What the exercise asks -> Lines below starting with the line with "#25=VECTOR('',#24,1.);" and going on through the line with "#50=DIRECTION('',(0.,0.,-1.));" must be output exactly; the rest of the records must be left out.

Data extracts ->
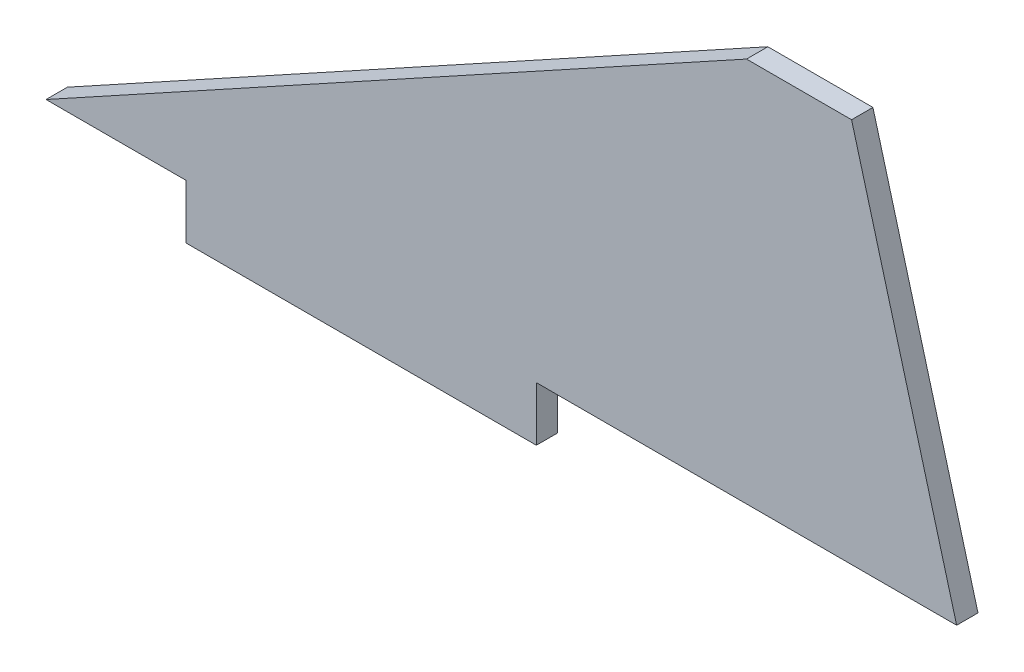
ISO-10303-21;
HEADER;
FILE_DESCRIPTION(('STEP AP214'),'2;1');
FILE_NAME('part.step','',(''),(''),'','','');
FILE_SCHEMA(('AUTOMOTIVE_DESIGN { 1 0 10303 214 1 1 1 1 }'));
ENDSEC;
DATA;
#1=APPLICATION_CONTEXT('core data for automotive mechanical design processes');
#2=APPLICATION_PROTOCOL_DEFINITION('international standard','automotive_design',2000,#1);
#3=PRODUCT_CONTEXT('',#1,'mechanical');
#4=PRODUCT('Part','Part','',(#3));
#5=PRODUCT_RELATED_PRODUCT_CATEGORY('part','',(#4));
#6=PRODUCT_DEFINITION_FORMATION('','',#4);
#7=PRODUCT_DEFINITION_CONTEXT('part definition',#1,'design');
#8=PRODUCT_DEFINITION('design','',#6,#7);
#9=PRODUCT_DEFINITION_SHAPE('','',#8);
#10=(LENGTH_UNIT() NAMED_UNIT(*) SI_UNIT(.MILLI.,.METRE.));
#11=(NAMED_UNIT(*) PLANE_ANGLE_UNIT() SI_UNIT($,.RADIAN.));
#12=(NAMED_UNIT(*) SI_UNIT($,.STERADIAN.) SOLID_ANGLE_UNIT());
#13=UNCERTAINTY_MEASURE_WITH_UNIT(LENGTH_MEASURE(1.E-05),#10,'distance_accuracy_value','');
#14=(GEOMETRIC_REPRESENTATION_CONTEXT(3) GLOBAL_UNCERTAINTY_ASSIGNED_CONTEXT((#13)) GLOBAL_UNIT_ASSIGNED_CONTEXT((#10,
#11,#12)) REPRESENTATION_CONTEXT('',''));
#15=CARTESIAN_POINT('',(0.,0.,0.));
#16=DIRECTION('',(0.,0.,1.));
#17=DIRECTION('',(1.,0.,0.));
#18=AXIS2_PLACEMENT_3D('',#15,#16,#17);
#19=CARTESIAN_POINT('',(100.,55.,3.048));
#20=DIRECTION('',(0.481918749772156,-0.876215908676647,0.));
#21=DIRECTION('',(0.876215908676647,0.481918749772156,0.));
#22=AXIS2_PLACEMENT_3D('',#19,#20,#21);
#23=PLANE('',#22);
#24=DIRECTION('',(-0.876215908676647,-0.481918749772156,0.));
#25=VECTOR('',#24,1.);
#26=CARTESIAN_POINT('',(100.,55.,0.));
#27=LINE('',#26,#25);
#28=CARTESIAN_POINT('',(100.,55.,0.));
#29=VERTEX_POINT('',#28);
#30=CARTESIAN_POINT('',(0.,0.,0.));
#31=VERTEX_POINT('',#30);
#32=EDGE_CURVE('E130',#29,#31,#27,.T.);
#33=ORIENTED_EDGE('',*,*,#32,.T.);
#34=DIRECTION('',(0.,0.,-1.));
#35=VECTOR('',#34,1.);
#36=CARTESIAN_POINT('',(0.,0.,3.048));
#37=LINE('',#36,#35);
#38=CARTESIAN_POINT('',(0.,0.,3.048));
#39=VERTEX_POINT('',#38);
#40=EDGE_CURVE('E11',#39,#31,#37,.T.);
#41=ORIENTED_EDGE('',*,*,#40,.F.);
#42=DIRECTION('',(-0.876215908676647,-0.481918749772156,0.));
#43=VECTOR('',#42,1.);
#44=CARTESIAN_POINT('',(100.,55.,3.048));
#45=LINE('',#44,#43);
#46=CARTESIAN_POINT('',(100.,55.,3.048));
#47=VERTEX_POINT('',#46);
#48=EDGE_CURVE('E144',#47,#39,#45,.T.);
#49=ORIENTED_EDGE('',*,*,#48,.F.);
#50=DIRECTION('',(0.,0.,-1.));
#51=VECTOR('',#50,1.);
#52=CARTESIAN_POINT('',(100.,55.,3.048));
#53=LINE('',#52,#51);
#54=EDGE_CURVE('E126',#47,#29,#53,.T.);
#55=ORIENTED_EDGE('',*,*,#54,.T.);
#56=EDGE_LOOP('',(#33,#41,#49,#55));
#57=FACE_BOUND('',#56,.T.);
#58=ADVANCED_FACE('F34',(#57),#23,.F.);
#59=CARTESIAN_POINT('',(0.,0.,3.048));
#60=DIRECTION('',(0.,1.,0.));
#61=DIRECTION('',(0.,0.,1.));
#62=AXIS2_PLACEMENT_3D('',#59,#60,#61);
#63=PLANE('',#62);
#64=DIRECTION('',(1.,0.,0.));
#65=VECTOR('',#64,1.);
#66=CARTESIAN_POINT('',(0.,0.,0.));
#67=LINE('',#66,#65);
#68=CARTESIAN_POINT('',(20.,0.,0.));
#69=VERTEX_POINT('',#68);
#70=EDGE_CURVE('E133',#31,#69,#67,.T.);
#71=ORIENTED_EDGE('',*,*,#70,.T.);
#72=DIRECTION('',(0.,0.,-1.));
#73=VECTOR('',#72,1.);
#74=CARTESIAN_POINT('',(20.,0.,3.048));
#75=LINE('',#74,#73);
#76=CARTESIAN_POINT('',(20.,0.,3.048));
#77=VERTEX_POINT('',#76);
#78=EDGE_CURVE('E42',#77,#69,#75,.T.);
#79=ORIENTED_EDGE('',*,*,#78,.F.);
#80=DIRECTION('',(1.,0.,0.));
#81=VECTOR('',#80,1.);
#82=CARTESIAN_POINT('',(0.,0.,3.048));
#83=LINE('',#82,#81);
#84=EDGE_CURVE('E93',#39,#77,#83,.T.);
#85=ORIENTED_EDGE('',*,*,#84,.F.);
#86=ORIENTED_EDGE('',*,*,#40,.T.);
#87=EDGE_LOOP('',(#71,#79,#85,#86));
#88=FACE_BOUND('',#87,.T.);
#89=ADVANCED_FACE('F179',(#88),#63,.F.);
#90=CARTESIAN_POINT('',(20.,0.,3.048));
#91=DIRECTION('',(1.,0.,0.));
#92=DIRECTION('',(0.,0.,-1.));
#93=AXIS2_PLACEMENT_3D('',#90,#91,#92);
#94=PLANE('',#93);
#95=DIRECTION('',(0.,-1.,0.));
#96=VECTOR('',#95,1.);
#97=CARTESIAN_POINT('',(20.,0.,0.));
#98=LINE('',#97,#96);
#99=CARTESIAN_POINT('',(20.,-7.747,0.));
#100=VERTEX_POINT('',#99);
#101=EDGE_CURVE('E135',#69,#100,#98,.T.);
#102=ORIENTED_EDGE('',*,*,#101,.T.);
#103=DIRECTION('',(0.,0.,-1.));
#104=VECTOR('',#103,1.);
#105=CARTESIAN_POINT('',(20.,-7.747,3.048));
#106=LINE('',#105,#104);
#107=CARTESIAN_POINT('',(20.,-7.747,3.048));
#108=VERTEX_POINT('',#107);
#109=EDGE_CURVE('E151',#108,#100,#106,.T.);
#110=ORIENTED_EDGE('',*,*,#109,.F.);
#111=DIRECTION('',(0.,-1.,0.));
#112=VECTOR('',#111,1.);
#113=CARTESIAN_POINT('',(20.,0.,3.048));
#114=LINE('',#113,#112);
#115=EDGE_CURVE('E159',#77,#108,#114,.T.);
#116=ORIENTED_EDGE('',*,*,#115,.F.);
#117=ORIENTED_EDGE('',*,*,#78,.T.);
#118=EDGE_LOOP('',(#102,#110,#116,#117));
#119=FACE_BOUND('',#118,.T.);
#120=ADVANCED_FACE('F157',(#119),#94,.F.);
#121=CARTESIAN_POINT('',(20.,-7.747,3.048));
#122=DIRECTION('',(0.,1.,0.));
#123=DIRECTION('',(0.,0.,1.));
#124=AXIS2_PLACEMENT_3D('',#121,#122,#123);
#125=PLANE('',#124);
#126=DIRECTION('',(1.,0.,0.));
#127=VECTOR('',#126,1.);
#128=CARTESIAN_POINT('',(20.,-7.747,0.));
#129=LINE('',#128,#127);
#130=CARTESIAN_POINT('',(70.,-7.747,0.));
#131=VERTEX_POINT('',#130);
#132=EDGE_CURVE('E137',#100,#131,#129,.T.);
#133=ORIENTED_EDGE('',*,*,#132,.T.);
#134=DIRECTION('',(0.,0.,-1.));
#135=VECTOR('',#134,1.);
#136=CARTESIAN_POINT('',(70.,-7.747,3.048));
#137=LINE('',#136,#135);
#138=CARTESIAN_POINT('',(70.,-7.747,3.048));
#139=VERTEX_POINT('',#138);
#140=EDGE_CURVE('E148',#139,#131,#137,.T.);
#141=ORIENTED_EDGE('',*,*,#140,.F.);
#142=DIRECTION('',(1.,0.,0.));
#143=VECTOR('',#142,1.);
#144=CARTESIAN_POINT('',(20.,-7.747,3.048));
#145=LINE('',#144,#143);
#146=EDGE_CURVE('E171',#108,#139,#145,.T.);
#147=ORIENTED_EDGE('',*,*,#146,.F.);
#148=ORIENTED_EDGE('',*,*,#109,.T.);
#149=EDGE_LOOP('',(#133,#141,#147,#148));
#150=FACE_BOUND('',#149,.T.);
#151=ADVANCED_FACE('F167',(#150),#125,.F.);
#152=CARTESIAN_POINT('',(70.,-7.747,3.048));
#153=DIRECTION('',(-1.,0.,0.));
#154=DIRECTION('',(0.,0.,1.));
#155=AXIS2_PLACEMENT_3D('',#152,#153,#154);
#156=PLANE('',#155);
#157=DIRECTION('',(0.,1.,0.));
#158=VECTOR('',#157,1.);
#159=CARTESIAN_POINT('',(70.,-7.747,0.));
#160=LINE('',#159,#158);
#161=CARTESIAN_POINT('',(70.,0.,0.));
#162=VERTEX_POINT('',#161);
#163=EDGE_CURVE('E139',#131,#162,#160,.T.);
#164=ORIENTED_EDGE('',*,*,#163,.T.);
#165=DIRECTION('',(0.,0.,-1.));
#166=VECTOR('',#165,1.);
#167=CARTESIAN_POINT('',(70.,0.,3.048));
#168=LINE('',#167,#166);
#169=CARTESIAN_POINT('',(70.,0.,3.048));
#170=VERTEX_POINT('',#169);
#171=EDGE_CURVE('E121',#170,#162,#168,.T.);
#172=ORIENTED_EDGE('',*,*,#171,.F.);
#173=DIRECTION('',(0.,1.,0.));
#174=VECTOR('',#173,1.);
#175=CARTESIAN_POINT('',(70.,-7.747,3.048));
#176=LINE('',#175,#174);
#177=EDGE_CURVE('E112',#139,#170,#176,.T.);
#178=ORIENTED_EDGE('',*,*,#177,.F.);
#179=ORIENTED_EDGE('',*,*,#140,.T.);
#180=EDGE_LOOP('',(#164,#172,#178,#179));
#181=FACE_BOUND('',#180,.T.);
#182=ADVANCED_FACE('F170',(#181),#156,.F.);
#183=CARTESIAN_POINT('',(70.,0.,3.048));
#184=DIRECTION('',(0.,1.,0.));
#185=DIRECTION('',(-1.,0.,0.));
#186=AXIS2_PLACEMENT_3D('',#183,#184,#185);
#187=PLANE('',#186);
#188=DIRECTION('',(1.,0.,0.));
#189=VECTOR('',#188,1.);
#190=CARTESIAN_POINT('',(70.,0.,0.));
#191=LINE('',#190,#189);
#192=CARTESIAN_POINT('',(130.,0.,0.));
#193=VERTEX_POINT('',#192);
#194=EDGE_CURVE('E120',#162,#193,#191,.T.);
#195=ORIENTED_EDGE('',*,*,#194,.T.);
#196=DIRECTION('',(0.,0.,-1.));
#197=VECTOR('',#196,1.);
#198=CARTESIAN_POINT('',(130.,0.,3.048));
#199=LINE('',#198,#197);
#200=CARTESIAN_POINT('',(130.,0.,3.048));
#201=VERTEX_POINT('',#200);
#202=EDGE_CURVE('E117',#201,#193,#199,.T.);
#203=ORIENTED_EDGE('',*,*,#202,.F.);
#204=DIRECTION('',(1.,0.,0.));
#205=VECTOR('',#204,1.);
#206=CARTESIAN_POINT('',(70.,0.,3.048));
#207=LINE('',#206,#205);
#208=EDGE_CURVE('E106',#170,#201,#207,.T.);
#209=ORIENTED_EDGE('',*,*,#208,.F.);
#210=ORIENTED_EDGE('',*,*,#171,.T.);
#211=EDGE_LOOP('',(#195,#203,#209,#210));
#212=FACE_BOUND('',#211,.T.);
#213=ADVANCED_FACE('F118',(#212),#187,.F.);
#214=CARTESIAN_POINT('',(130.,0.,3.048));
#215=DIRECTION('',(-0.964763821237732,-0.263117405792109,0.));
#216=DIRECTION('',(0.263117405792109,-0.964763821237732,0.));
#217=AXIS2_PLACEMENT_3D('',#214,#215,#216);
#218=PLANE('',#217);
#219=DIRECTION('',(-0.263117405792109,0.964763821237732,0.));
#220=VECTOR('',#219,1.);
#221=CARTESIAN_POINT('',(130.,0.,0.));
#222=LINE('',#221,#220);
#223=CARTESIAN_POINT('',(115.,55.,0.));
#224=VERTEX_POINT('',#223);
#225=EDGE_CURVE('E79',#193,#224,#222,.T.);
#226=ORIENTED_EDGE('',*,*,#225,.T.);
#227=DIRECTION('',(0.,0.,-1.));
#228=VECTOR('',#227,1.);
#229=CARTESIAN_POINT('',(115.,55.,3.048));
#230=LINE('',#229,#228);
#231=CARTESIAN_POINT('',(115.,55.,3.048));
#232=VERTEX_POINT('',#231);
#233=EDGE_CURVE('E122',#232,#224,#230,.T.);
#234=ORIENTED_EDGE('',*,*,#233,.F.);
#235=DIRECTION('',(-0.263117405792109,0.964763821237732,0.));
#236=VECTOR('',#235,1.);
#237=CARTESIAN_POINT('',(130.,0.,3.048));
#238=LINE('',#237,#236);
#239=EDGE_CURVE('E110',#201,#232,#238,.T.);
#240=ORIENTED_EDGE('',*,*,#239,.F.);
#241=ORIENTED_EDGE('',*,*,#202,.T.);
#242=EDGE_LOOP('',(#226,#234,#240,#241));
#243=FACE_BOUND('',#242,.T.);
#244=ADVANCED_FACE('F124',(#243),#218,.F.);
#245=CARTESIAN_POINT('',(115.,55.,3.048));
#246=DIRECTION('',(0.,-1.,0.));
#247=DIRECTION('',(1.,0.,0.));
#248=AXIS2_PLACEMENT_3D('',#245,#246,#247);
#249=PLANE('',#248);
#250=DIRECTION('',(-1.,0.,0.));
#251=VECTOR('',#250,1.);
#252=CARTESIAN_POINT('',(115.,55.,0.));
#253=LINE('',#252,#251);
#254=EDGE_CURVE('E85',#224,#29,#253,.T.);
#255=ORIENTED_EDGE('',*,*,#254,.T.);
#256=ORIENTED_EDGE('',*,*,#54,.F.);
#257=DIRECTION('',(-1.,0.,0.));
#258=VECTOR('',#257,1.);
#259=CARTESIAN_POINT('',(115.,55.,3.048));
#260=LINE('',#259,#258);
#261=EDGE_CURVE('E50',#232,#47,#260,.T.);
#262=ORIENTED_EDGE('',*,*,#261,.F.);
#263=ORIENTED_EDGE('',*,*,#233,.T.);
#264=EDGE_LOOP('',(#255,#256,#262,#263));
#265=FACE_BOUND('',#264,.T.);
#266=ADVANCED_FACE('F195',(#265),#249,.F.);
#267=CARTESIAN_POINT('',(0.,0.,3.048));
#268=DIRECTION('',(0.,0.,-1.));
#269=DIRECTION('',(-1.,0.,0.));
#270=AXIS2_PLACEMENT_3D('',#267,#268,#269);
#271=PLANE('',#270);
#272=ORIENTED_EDGE('',*,*,#48,.T.);
#273=ORIENTED_EDGE('',*,*,#84,.T.);
#274=ORIENTED_EDGE('',*,*,#115,.T.);
#275=ORIENTED_EDGE('',*,*,#146,.T.);
#276=ORIENTED_EDGE('',*,*,#177,.T.);
#277=ORIENTED_EDGE('',*,*,#208,.T.);
#278=ORIENTED_EDGE('',*,*,#239,.T.);
#279=ORIENTED_EDGE('',*,*,#261,.T.);
#280=EDGE_LOOP('',(#272,#273,#274,#275,#276,#277,#278,#279));
#281=FACE_BOUND('',#280,.T.);
#282=ADVANCED_FACE('F108',(#281),#271,.F.);
#283=CARTESIAN_POINT('',(0.,0.,0.));
#284=DIRECTION('',(0.,0.,-1.));
#285=DIRECTION('',(-1.,0.,0.));
#286=AXIS2_PLACEMENT_3D('',#283,#284,#285);
#287=PLANE('',#286);
#288=ORIENTED_EDGE('',*,*,#32,.F.);
#289=ORIENTED_EDGE('',*,*,#254,.F.);
#290=ORIENTED_EDGE('',*,*,#225,.F.);
#291=ORIENTED_EDGE('',*,*,#194,.F.);
#292=ORIENTED_EDGE('',*,*,#163,.F.);
#293=ORIENTED_EDGE('',*,*,#132,.F.);
#294=ORIENTED_EDGE('',*,*,#101,.F.);
#295=ORIENTED_EDGE('',*,*,#70,.F.);
#296=EDGE_LOOP('',(#288,#289,#290,#291,#292,#293,#294,#295));
#297=FACE_BOUND('',#296,.T.);
#298=ADVANCED_FACE('F163',(#297),#287,.T.);
#299=CLOSED_SHELL('',(#58,#89,#120,#151,#182,#213,#244,#266,#282,#298));
#300=MANIFOLD_SOLID_BREP('B2',#299);
#301=ADVANCED_BREP_SHAPE_REPRESENTATION('',(#18,#300),#14);
#302=SHAPE_DEFINITION_REPRESENTATION(#9,#301);
ENDSEC;
END-ISO-10303-21;

Response to the exercise ->
#25=VECTOR('',#24,1.);
#26=CARTESIAN_POINT('',(100.,55.,0.));
#27=LINE('',#26,#25);
#28=CARTESIAN_POINT('',(100.,55.,0.));
#29=VERTEX_POINT('',#28);
#30=CARTESIAN_POINT('',(0.,0.,0.));
#31=VERTEX_POINT('',#30);
#32=EDGE_CURVE('E130',#29,#31,#27,.T.);
#33=ORIENTED_EDGE('',*,*,#32,.T.);
#34=DIRECTION('',(0.,0.,-1.));
#35=VECTOR('',#34,1.);
#36=CARTESIAN_POINT('',(0.,0.,3.048));
#37=LINE('',#36,#35);
#38=CARTESIAN_POINT('',(0.,0.,3.048));
#39=VERTEX_POINT('',#38);
#40=EDGE_CURVE('E11',#39,#31,#37,.T.);
#41=ORIENTED_EDGE('',*,*,#40,.F.);
#42=DIRECTION('',(-0.876215908676647,-0.481918749772156,0.));
#43=VECTOR('',#42,1.);
#44=CARTESIAN_POINT('',(100.,55.,3.048));
#45=LINE('',#44,#43);
#46=CARTESIAN_POINT('',(100.,55.,3.048));
#47=VERTEX_POINT('',#46);
#48=EDGE_CURVE('E144',#47,#39,#45,.T.);
#49=ORIENTED_EDGE('',*,*,#48,.F.);
#50=DIRECTION('',(0.,0.,-1.));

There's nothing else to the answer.